2015-06-12 Thread Dan Hyatt



I am trying to update my SSL certificate in tomcat.  The webserver keeps 
sending the old expired certificate
I am taking over from long gone admins with no config notes, but this 
should be straightforward.
The certificate authority support suggests there might be another 
configuration..but this is the only server.xml for the app


The best answer from the cert authority is that there is another 
keystore but the xml file points to  where my keystore is.

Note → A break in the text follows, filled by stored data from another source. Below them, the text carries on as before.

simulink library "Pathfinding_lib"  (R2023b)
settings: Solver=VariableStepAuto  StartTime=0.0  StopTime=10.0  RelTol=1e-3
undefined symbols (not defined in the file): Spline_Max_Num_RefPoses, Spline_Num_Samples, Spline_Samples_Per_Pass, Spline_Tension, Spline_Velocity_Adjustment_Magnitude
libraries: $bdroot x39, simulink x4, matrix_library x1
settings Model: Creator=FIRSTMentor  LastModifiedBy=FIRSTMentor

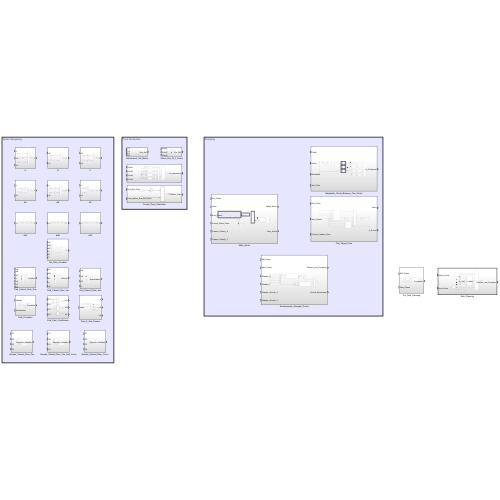
[thumbnail: Simulink's stored preview of the top-level diagram]
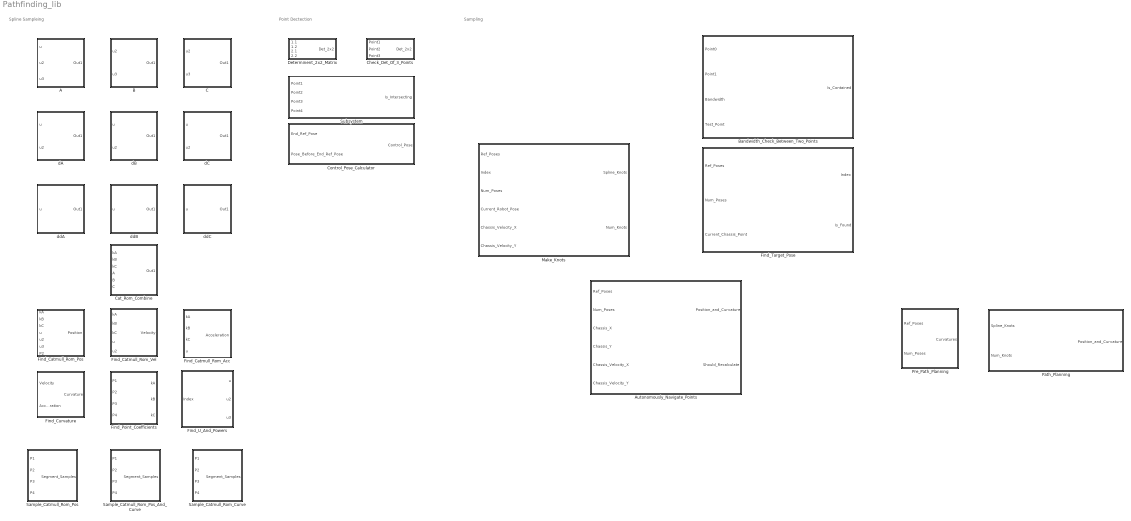
== system Pathfinding_lib ==
  note: Sampling
  note: Point Dectection
  note: Spline Sampleing
  A : Subsystem
  Autonomously_Navigate_Points : Subsystem
  B : Subsystem
  Bandwidth_Check_Between_Two_Points : Subsystem
  C : Subsystem
  Cat_Rom_Combine : Subsystem
  Check_Det_Of_3_Points : Subsystem
  Control_Pose_Calculator : Subsystem
  Determinent_2x2_Matrix : Subsystem
  Find_Catmull_Rom_Acc : Subsystem
  Find_Catmull_Rom_Pos : Subsystem
  Find_Catmull_Rom_Vel : Subsystem
  Find_Curvature : Subsystem
  Find_Point_Coefficients : Subsystem
  Find_Target_Pose : Subsystem
  Find_U_And_Powers : Subsystem
  Make_Knots : Subsystem
  Path_Planning : Subsystem  TreatAsAtomicUnit=on
  Pre_Path_Planning : Subsystem
  Sample_Catmull_Rom_Curve : Subsystem
  Sample_Catmull_Rom_Pos : Subsystem
  Sample_Catmull_Rom_Pos_And_Curve : Subsystem
  Subsystem : Subsystem
  dA : Subsystem
  dB : Subsystem
  dC : Subsystem
  ddA : Subsystem
  ddB : Subsystem
  ddC : Subsystem

== system Pathfinding_lib/A ==
  u : Inport
  u2 : Inport  Port=2
  u3 : Inport  Port=3
  Add : Sum  Inputs=+-+
  Gain : Gain  Gain=2
  Out1 : Outport
  wires:
  Add/1 -> Out1/1
  u/1 -> Add/1
  u2/1 -> Gain/1
  Gain/1 -> Add/2
  u3/1 -> Add/3

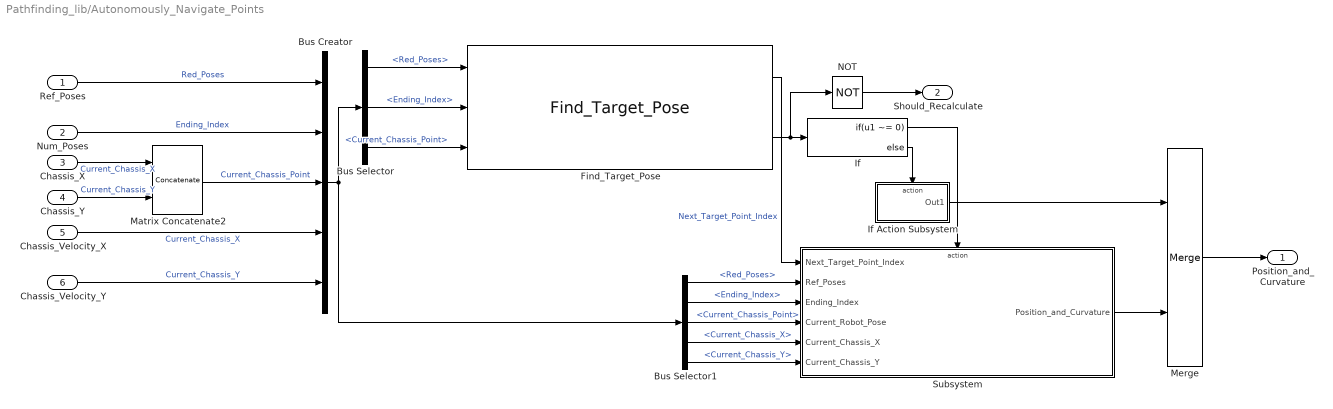
== system Pathfinding_lib/Autonomously_Navigate_Points ==
  Ref_Poses : Inport  OutDataTypeStr=double  PortDimensions=[Spline_Max_Num_RefPoses 2]
  Num_Poses : Inport  Port=2  OutDataTypeStr=int32  Unit=1  PortDimensions=1
  Chassis_X : Inport  Port=3  OutDataTypeStr=double  Unit=m  PortDimensions=1
  Chassis_Y : Inport  Port=4  OutDataTypeStr=double  Unit=m  PortDimensions=1
  Chassis_Velocity_X : Inport  Port=5  OutDataTypeStr=double  Unit=m  PortDimensions=1
  Chassis_Velocity_Y : Inport  Port=6  OutDataTypeStr=double  Unit=m  PortDimensions=1
  Bus Creator : BusCreator  Inputs=5
  Bus Selector : BusSelector  OutputSignals=Red_Poses,Ending_Index,Current_Chassis_Point
  Bus Selector1 : BusSelector  OutputSignals=Red_Poses,Ending_Index,Current_Chassis_Point,Current_Chassis_X,Current_Chassis_Y
  Find_Target_Pose : $bdroot/Find_Target_Pose  SystemSampleTime=-1  VariantActivationTime=update diagram  AllowFlexibleInterface=on  Latency=0  AutoFrameSizeCalculation=off
  If : If  IfExpression=u1 ~= 0
  If Action Subsystem : Subsystem  TreatAsAtomicUnit=on
  Matrix Concatenate2 : Concatenate  Mode=Multidimensional array  ConcatenateDimension=2
  Merge : Merge
  NOT : Logic  Operator=NOT  IconShape=distinctive  AllPortsSameDT=off  OutDataTypeStr=boolean
  Subsystem : Subsystem
  Position_and_Curvature : Outport  PortDimensions=[Spline_Num_Samples,3,2]
  Should_Recalculate : Outport  Port=2
  wires:
  Chassis_X/1 -> Matrix Concatenate2/1  "Current_Chassis_X"
  Chassis_Y/1 -> Matrix Concatenate2/2  "Current_Chassis_Y"
  Ref_Poses/1 -> Bus Creator/1  "Red_Poses"
  Matrix Concatenate2/1 -> Bus Creator/3  "Current_Chassis_Point"
  Num_Poses/1 -> Bus Creator/2  "Ending_Index"
  Find_Target_Pose/2 -> NOT/1, If/1
  Find_Target_Pose/1 -> Subsystem/1(Next_Target_Point_Index)  "Next_Target_Point_Index"
  Chassis_Velocity_X/1 -> Bus Creator/4  "Current_Chassis_X"
  Chassis_Velocity_Y/1 -> Bus Creator/5  "Current_Chassis_Y"
  Subsystem/1(Position_and_Curvature) -> Merge/2
  If/1 -> Subsystem/Action
  Bus Creator/1 -> Bus Selector1/1, Bus Selector/1
  Bus Selector/1 -> Find_Target_Pose/1  "<Red_Poses>"
  Bus Selector/2 -> Find_Target_Pose/2  "<Ending_Index>"
  Bus Selector/3 -> Find_Target_Pose/3  "<Current_Chassis_Point>"
  Bus Selector1/1 -> Subsystem/2(Ref_Poses)  "<Red_Poses>"
  Bus Selector1/2 -> Subsystem/3(Ending_Index)  "<Ending_Index>"
  Bus Selector1/3 -> Subsystem/4(Current_Robot_Pose)  "<Current_Chassis_Point>"
  Bus Selector1/4 -> Subsystem/5(Current_Chassis_X)  "<Current_Chassis_X>"
  Bus Selector1/5 -> Subsystem/6(Current_Chassis_Y)  "<Current_Chassis_Y>"
  NOT/1 -> Should_Recalculate/1
  If/2 -> If Action Subsystem/Action
  If Action Subsystem/1(Out1) -> Merge/1
  Merge/1 -> Position_and_Curvature/1

== system Pathfinding_lib/B ==
  u2 : Inport
  u3 : Inport  Port=2
  Add : Sum  Inputs=+-
  Out1 : Outport
  wires:
  Add/1 -> Out1/1
  u3/1 -> Add/2
  u2/1 -> Add/1

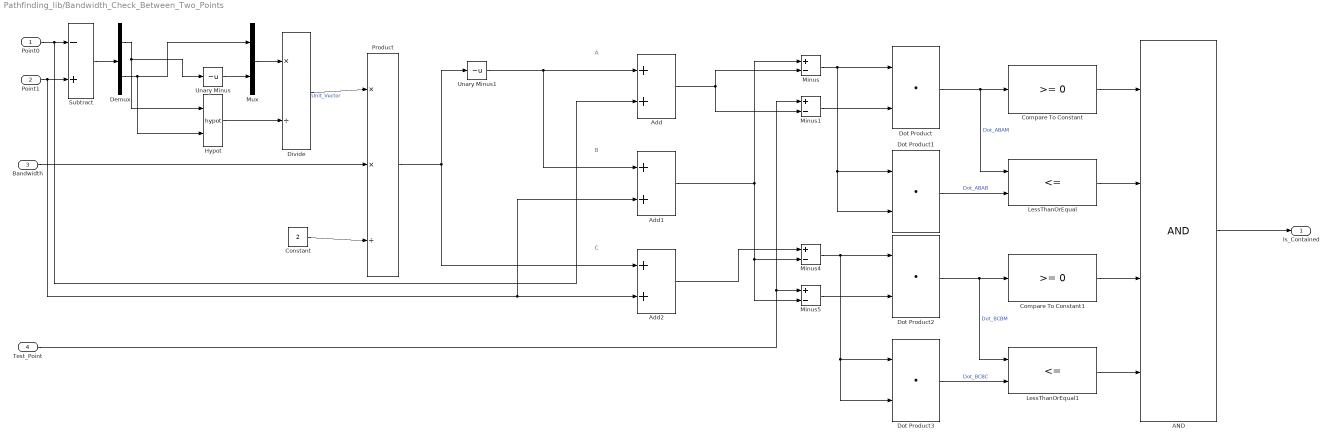
== system Pathfinding_lib/Bandwidth_Check_Between_Two_Points ==
  note: A
  note: B
  note: C
  Point0 : Inport  Unit=m  PortDimensions=[1 2]
  Point1 : Inport  Port=2  Unit=m  PortDimensions=[1 2]
  Bandwidth : Inport  Port=3  PortDimensions=1
  Test_Point : Inport  Port=4  Unit=m  PortDimensions=[1 2]
  AND : Logic  Inputs=4  IconShape=distinctive  AllPortsSameDT=off  OutDataTypeStr=boolean
  Add : Sum
  Add1 : Sum
  Add2 : Sum
  Compare To Constant : simulink/Logic and Bit Operations/Compare To Constant  relop=>=  const=0  OutDataTypeStr=boolean
  Compare To Constant1 : simulink/Logic and Bit Operations/Compare To Constant  relop=>=  const=0  OutDataTypeStr=boolean
  Constant : Constant  Value=2
  Demux : Demux  Outputs=2
  Divide : Product  Inputs=*/
  Dot Product{,1..3} (4 alike) : DotProduct  OutDataTypeStr=Inherit: Inherit via internal rule
  Hypot : Math  Operator=hypot
  LessThanOrEqual : RelationalOperator  Operator=<=  OutDataTypeStr=boolean  RndMeth=Simplest  InputSameDT=off
  LessThanOrEqual1 : RelationalOperator  Operator=<=  OutDataTypeStr=boolean  RndMeth=Simplest  InputSameDT=off
  Minus{,1,4..5} (4 alike) : Sum  Inputs=+-
  Mux : Mux  Inputs=2
  Product : Product  Inputs=**/
  Subtract : Sum  Inputs=-+
  Unary Minus : UnaryMinus
  Unary Minus1 : UnaryMinus
  Is_Contained : Outport
  wires:
  Point0/1 -> Add/2, Subtract/1
  Point1/1 -> Subtract/2, Add1/2, Add2/2
  Subtract/1 -> Demux/1
  Demux/2 -> Hypot/2, Mux/1
  Unary Minus/1 -> Mux/2
  Demux/1 -> Hypot/1, Unary Minus/1
  Mux/1 -> Divide/1
  Hypot/1 -> Divide/2
  Divide/1 -> Product/1  "Unit_Vector"
  Bandwidth/1 -> Product/2
  Constant/1 -> Product/3
  Product/1 -> Add2/1, Unary Minus1/1
  Unary Minus1/1 -> Add1/1, Add/1
  Minus1/1 -> Dot Product/2
  Dot Product/1 -> LessThanOrEqual/1, Compare To Constant/1  "Dot_ABAM"
  Dot Product1/1 -> LessThanOrEqual/2  "Dot_ABAB"
  Minus/1 -> Dot Product1/2, Dot Product1/1, Dot Product/1
  Dot Product2/1 -> Compare To Constant1/1, LessThanOrEqual1/1  "Dot_BCBM"
  Minus5/1 -> Dot Product2/2
  Dot Product3/1 -> LessThanOrEqual1/2  "Dot_BCBC"
  Minus4/1 -> Dot Product3/1, Dot Product3/2, Dot Product2/1
  Add1/1 -> Minus5/2, Minus4/2, Minus/1
  Add/1 -> Minus1/2, Minus/2
  Add2/1 -> Minus4/1
  Test_Point/1 -> Minus1/1, Minus5/1
  AND/1 -> Is_Contained/1
  Compare To Constant/1 -> AND/1
  Compare To Constant1/1 -> AND/3
  LessThanOrEqual/1 -> AND/2
  LessThanOrEqual1/1 -> AND/4

== system Pathfinding_lib/C ==
  u2 : Inport
  u3 : Inport  Port=2
  Add : Sum  Inputs=+-
  Gain : Gain  Gain=3
  Gain1 : Gain  Gain=2
  Out1 : Outport
  wires:
  u2/1 -> Gain/1
  u3/1 -> Gain1/1
  Gain/1 -> Add/1
  Gain1/1 -> Add/2
  Add/1 -> Out1/1

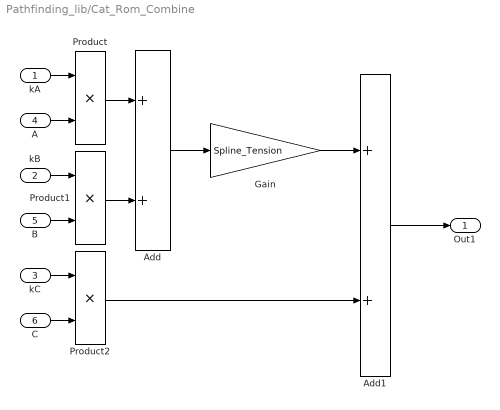
== system Pathfinding_lib/Cat_Rom_Combine ==
  kA : Inport
  kB : Inport  Port=2
  kC : Inport  Port=3
  A : Inport  Port=4
  B : Inport  Port=5
  C : Inport  Port=6
  Add : Sum  Inputs=2
  Add1 : Sum
  Gain : Gain  Gain=Spline_Tension
  Product : Product
  Product1 : Product
  Product2 : Product
  Out1 : Outport
  wires:
  kA/1 -> Product/1
  A/1 -> Product/2
  kC/1 -> Product2/1
  C/1 -> Product2/2
  kB/1 -> Product1/1
  B/1 -> Product1/2
  Product/1 -> Add/1
  Product1/1 -> Add/2
  Product2/1 -> Add1/2
  Add/1 -> Gain/1
  Add1/1 -> Out1/1
  Gain/1 -> Add1/1

== system Pathfinding_lib/Check_Det_Of_3_Points ==
  Point1 : Inport
  Point2 : Inport  Port=2
  Point3 : Inport  Port=3
  Demux : Demux  Outputs=2
  Demux1 : Demux  Outputs=2
  Demux2 : Demux  Outputs=2
  Determinent_2x2_Matrix : $bdroot/Determinent_2x2_Matrix  SystemSampleTime=-1  VariantActivationTime=update diagram  Latency=0  AutoFrameSizeCalculation=off
  Minus{,1..3} (4 alike) : Sum  Inputs=+-
  Det_2x2 : Outport
  wires:
  Determinent_2x2_Matrix/1 -> Det_2x2/1
  Minus/1 -> Determinent_2x2_Matrix/1
  Minus1/1 -> Determinent_2x2_Matrix/2
  Minus2/1 -> Determinent_2x2_Matrix/3
  Minus3/1 -> Determinent_2x2_Matrix/4
  Point1/1 -> Demux/1  "Point1"
  Point2/1 -> Demux1/1  "Point2"
  Point3/1 -> Demux2/1  "Point3"
  Demux/1 -> Minus/1  "Point1_X"
  Demux/2 -> Minus2/1  "Point1_Y"
  Demux1/1 -> Minus1/1  "Point2_X"
  Demux1/2 -> Minus3/1  "Point2_Y"
  Demux2/1 -> Minus2/2, Minus1/2, Minus/2  "Point3_X"
  Demux2/2 -> Minus3/2  "Point3_Y"

== system Pathfinding_lib/Control_Pose_Calculator ==
  End_Ref_Pose : Inport
  Pose_Before_End_Ref_Pose : Inport  Port=2
  Gain : Gain  Gain=2
  Subtract : Sum  Inputs=+-
  Control_Pose : Outport
  wires:
  End_Ref_Pose/1 -> Gain/1
  Gain/1 -> Subtract/1
  Pose_Before_End_Ref_Pose/1 -> Subtract/2
  Subtract/1 -> Control_Pose/1

== system Pathfinding_lib/Determinent_2x2_Matrix ==
  1.1 : Inport
  1.2 : Inport  Port=2
  2.1 : Inport  Port=3
  2.2 : Inport  Port=4
  Minus : Sum  Inputs=+-
  Product : Product
  Product1 : Product
  Det_2x2 : Outport
  wires:
  1.1/1 -> Product/1
  2.2/1 -> Product/2
  1.2/1 -> Product1/1
  2.1/1 -> Product1/2
  Product/1 -> Minus/1
  Product1/1 -> Minus/2
  Minus/1 -> Det_2x2/1

== system Pathfinding_lib/Find_Catmull_Rom_Acc ==
  kA : Inport  PortDimensions=[1 2]
  kB : Inport  Port=2  PortDimensions=[1 2]
  kC : Inport  Port=3  PortDimensions=[1 2]
  u : Inport  Port=4  PortDimensions=1
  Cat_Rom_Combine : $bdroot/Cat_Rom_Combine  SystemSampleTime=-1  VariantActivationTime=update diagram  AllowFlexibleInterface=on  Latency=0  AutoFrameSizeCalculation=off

It passes all the tests except for the cert authorities final test.

I installed and verified the keystore
I restarted tomcat6
I believe the XML file says the keystore is 
keystoreFile=/opt/atlassian/confluence/conf/.keystore/  (see below)

Even though I changed the password, it is still reading the old key.

I am wondering if there is a stale certificate in memory. I cannot think 
of anything else.  If that be the case can I clear that without a reboot?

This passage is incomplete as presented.